What two basic types of filament does each unit of myofibril contain?
Actin myofilaments and myosin myofilaments.
Myofibril
The contractile units of skeletal muscle.
Why do the strands of muscle fiber have striations?
The striations are caused by the fact that myofibrils are composed or repeating units called sarcomeres.
Sarcomere
The repeating unit of a myofibril.
What two proteins make up a sarcomere?
Myosin and actin.
Prefix “myo”
Muscle
Prefix “sin”
Protein
Is the myosin myofilament or the actin myofilament thicker?
The myosin myofilament.
Cross bridge
The basis of muscle contraction. The combination of a myosin head with the active site of an actin myofilament.
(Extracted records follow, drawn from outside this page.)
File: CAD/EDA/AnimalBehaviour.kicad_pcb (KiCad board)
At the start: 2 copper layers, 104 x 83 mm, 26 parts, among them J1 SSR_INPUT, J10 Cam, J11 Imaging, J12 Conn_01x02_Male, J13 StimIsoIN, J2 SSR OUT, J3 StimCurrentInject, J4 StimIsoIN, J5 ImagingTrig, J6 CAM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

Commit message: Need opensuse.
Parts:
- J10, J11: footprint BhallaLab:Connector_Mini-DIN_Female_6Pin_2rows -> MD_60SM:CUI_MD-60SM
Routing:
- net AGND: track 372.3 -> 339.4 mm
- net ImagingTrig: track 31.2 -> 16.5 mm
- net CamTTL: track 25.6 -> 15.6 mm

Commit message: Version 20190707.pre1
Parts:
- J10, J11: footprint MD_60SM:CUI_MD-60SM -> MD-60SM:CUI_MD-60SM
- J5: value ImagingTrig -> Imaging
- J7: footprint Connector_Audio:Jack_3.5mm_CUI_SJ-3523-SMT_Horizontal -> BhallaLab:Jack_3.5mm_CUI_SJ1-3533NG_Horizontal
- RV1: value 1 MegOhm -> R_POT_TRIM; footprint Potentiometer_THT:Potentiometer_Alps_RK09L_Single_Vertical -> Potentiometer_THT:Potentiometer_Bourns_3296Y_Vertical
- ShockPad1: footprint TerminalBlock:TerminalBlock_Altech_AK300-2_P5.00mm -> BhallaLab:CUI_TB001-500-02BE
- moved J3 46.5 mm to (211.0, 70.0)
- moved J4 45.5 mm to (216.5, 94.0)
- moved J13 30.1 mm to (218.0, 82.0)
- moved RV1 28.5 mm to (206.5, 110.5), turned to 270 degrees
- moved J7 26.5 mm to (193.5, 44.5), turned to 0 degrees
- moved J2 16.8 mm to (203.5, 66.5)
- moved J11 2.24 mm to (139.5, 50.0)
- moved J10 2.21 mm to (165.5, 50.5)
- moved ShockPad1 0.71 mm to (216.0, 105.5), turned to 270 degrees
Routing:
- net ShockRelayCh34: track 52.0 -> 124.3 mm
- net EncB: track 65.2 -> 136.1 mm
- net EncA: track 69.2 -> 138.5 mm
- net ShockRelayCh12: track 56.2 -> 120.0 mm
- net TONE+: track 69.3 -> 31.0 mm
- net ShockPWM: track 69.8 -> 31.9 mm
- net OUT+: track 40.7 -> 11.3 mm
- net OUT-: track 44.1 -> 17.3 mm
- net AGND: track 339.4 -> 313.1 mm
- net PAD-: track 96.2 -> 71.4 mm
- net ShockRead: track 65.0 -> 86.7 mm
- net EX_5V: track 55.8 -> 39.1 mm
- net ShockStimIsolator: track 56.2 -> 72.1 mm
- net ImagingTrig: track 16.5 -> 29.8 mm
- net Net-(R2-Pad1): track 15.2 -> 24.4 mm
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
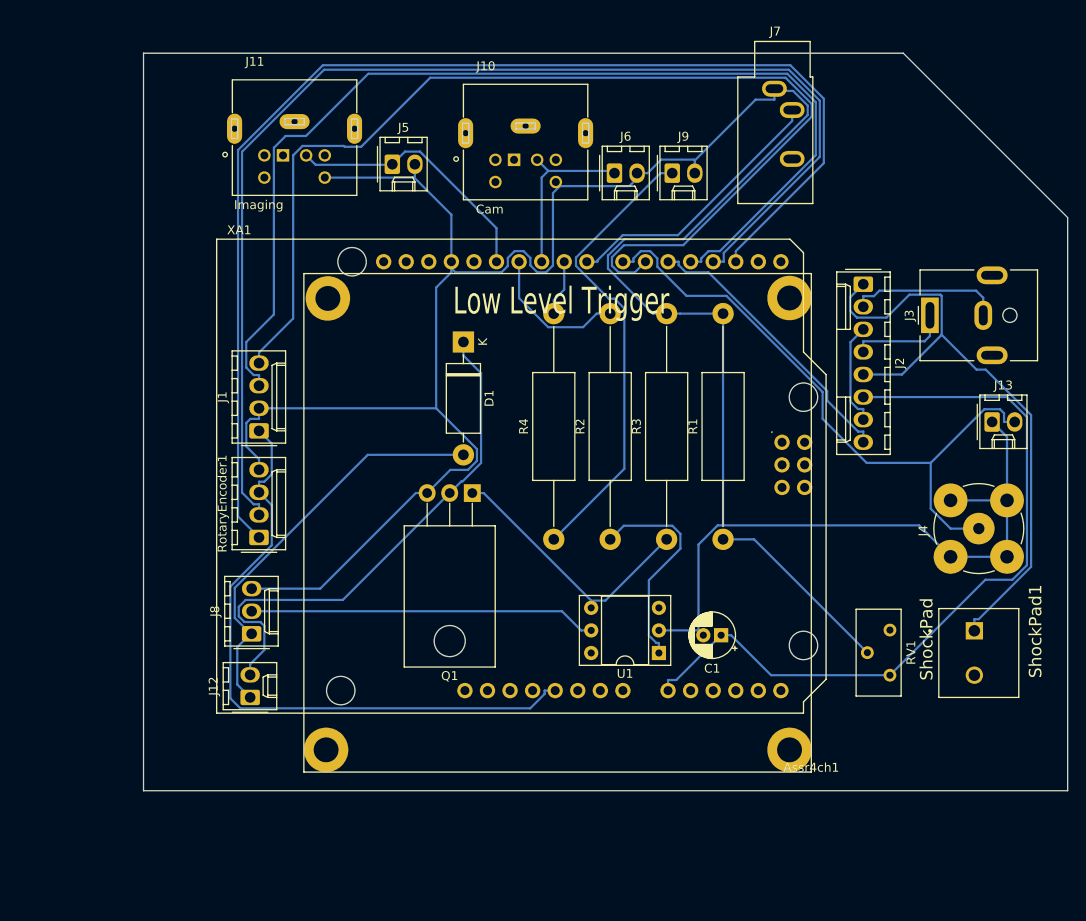
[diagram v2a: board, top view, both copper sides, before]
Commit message: rotated the pad and connector.
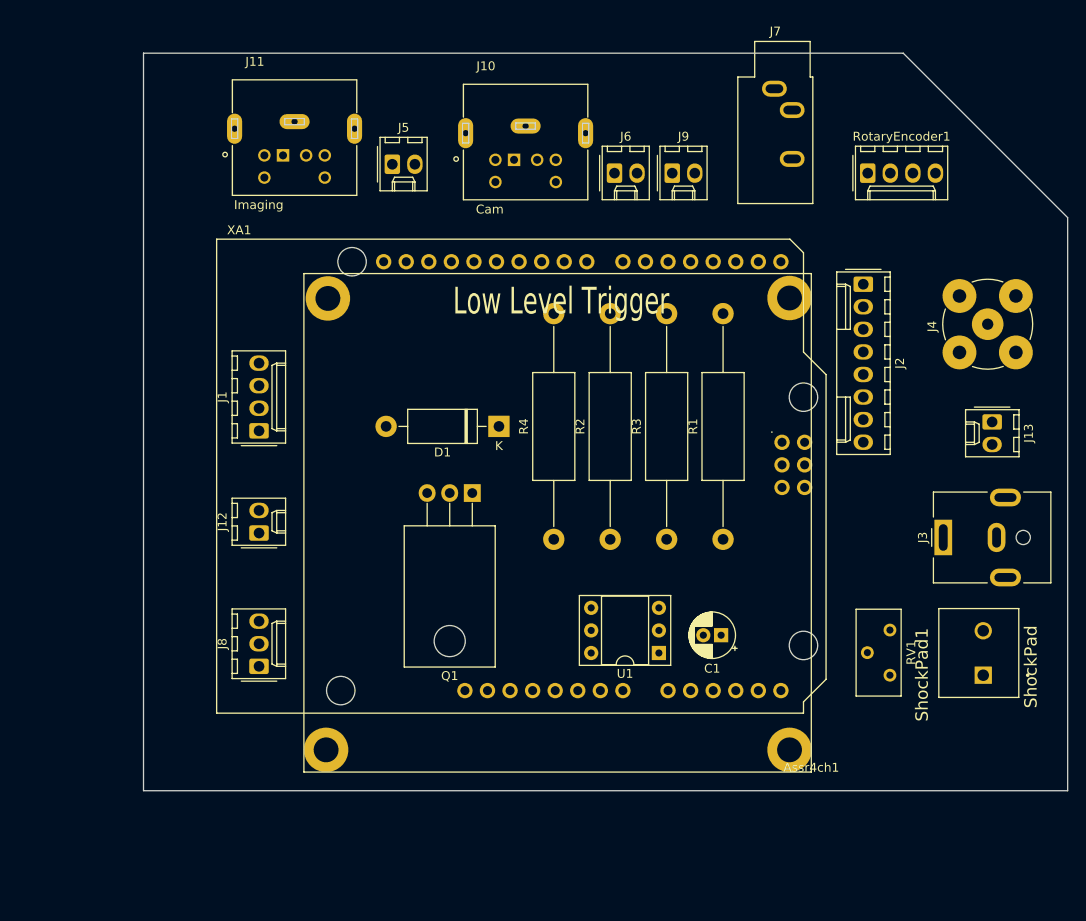
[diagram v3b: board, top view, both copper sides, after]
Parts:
- J12: value Conn_01x02_Male -> JSolenoid
- J8: value Conn_01x03_Male -> Ext Supp
- moved RotaryEncoder1 79.8 mm to (204.0, 54.0), turned to 0 degrees
- moved J3 25.0 mm to (212.5, 95.0)
- moved J4 23.0 mm to (217.5, 71.0)
- moved J12 18.5 mm to (135.5, 94.5)
- moved D1 10.3 mm to (162.5, 82.5), turned to 180 degrees
- moved ShockPad1 5.10 mm to (217.0, 110.5), turned to 90 degrees
- moved J8 3.75 mm to (135.5, 109.5)
- turned J13 to 270 degrees
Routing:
- net AGND: track 313.1 -> 0.00 mm
- net EncA: track 138.5 -> 0.00 mm
- net EncB: track 136.1 -> 0.00 mm
- net ShockRelayCh34: track 124.3 -> 0.00 mm
- net ShockRelayCh12: track 120.0 -> 0.00 mm
- net ShockRead: track 86.7 -> 0.00 mm
- net 5V: track 72.2 -> 0.00 mm
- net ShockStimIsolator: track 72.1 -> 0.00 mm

How does a muscle fiber contract?
The head of the myosin grasps the actin at its active site and pulls on it, shortening the sarcomere. All the sarcomeres in the muscle fiber do this at the same time, so the entire muscle fiber contracts.
Why do the sarcomeres show striation?
Myosin is thicker than actin, so it appears darker under a microscope.
A bands
The thick, dark stripes of myosin in a sarcomere.
I bands
The portions of the sarcomere with action myofilaments and no myosin myofilaments. Shows up as thin and light on the microscope.
What is the purpose of a Z disk?
It serves to anchor the actin myofilaments and mark the boundaries of the sarcomere.
The H zone
The area within the A band where no actin is present.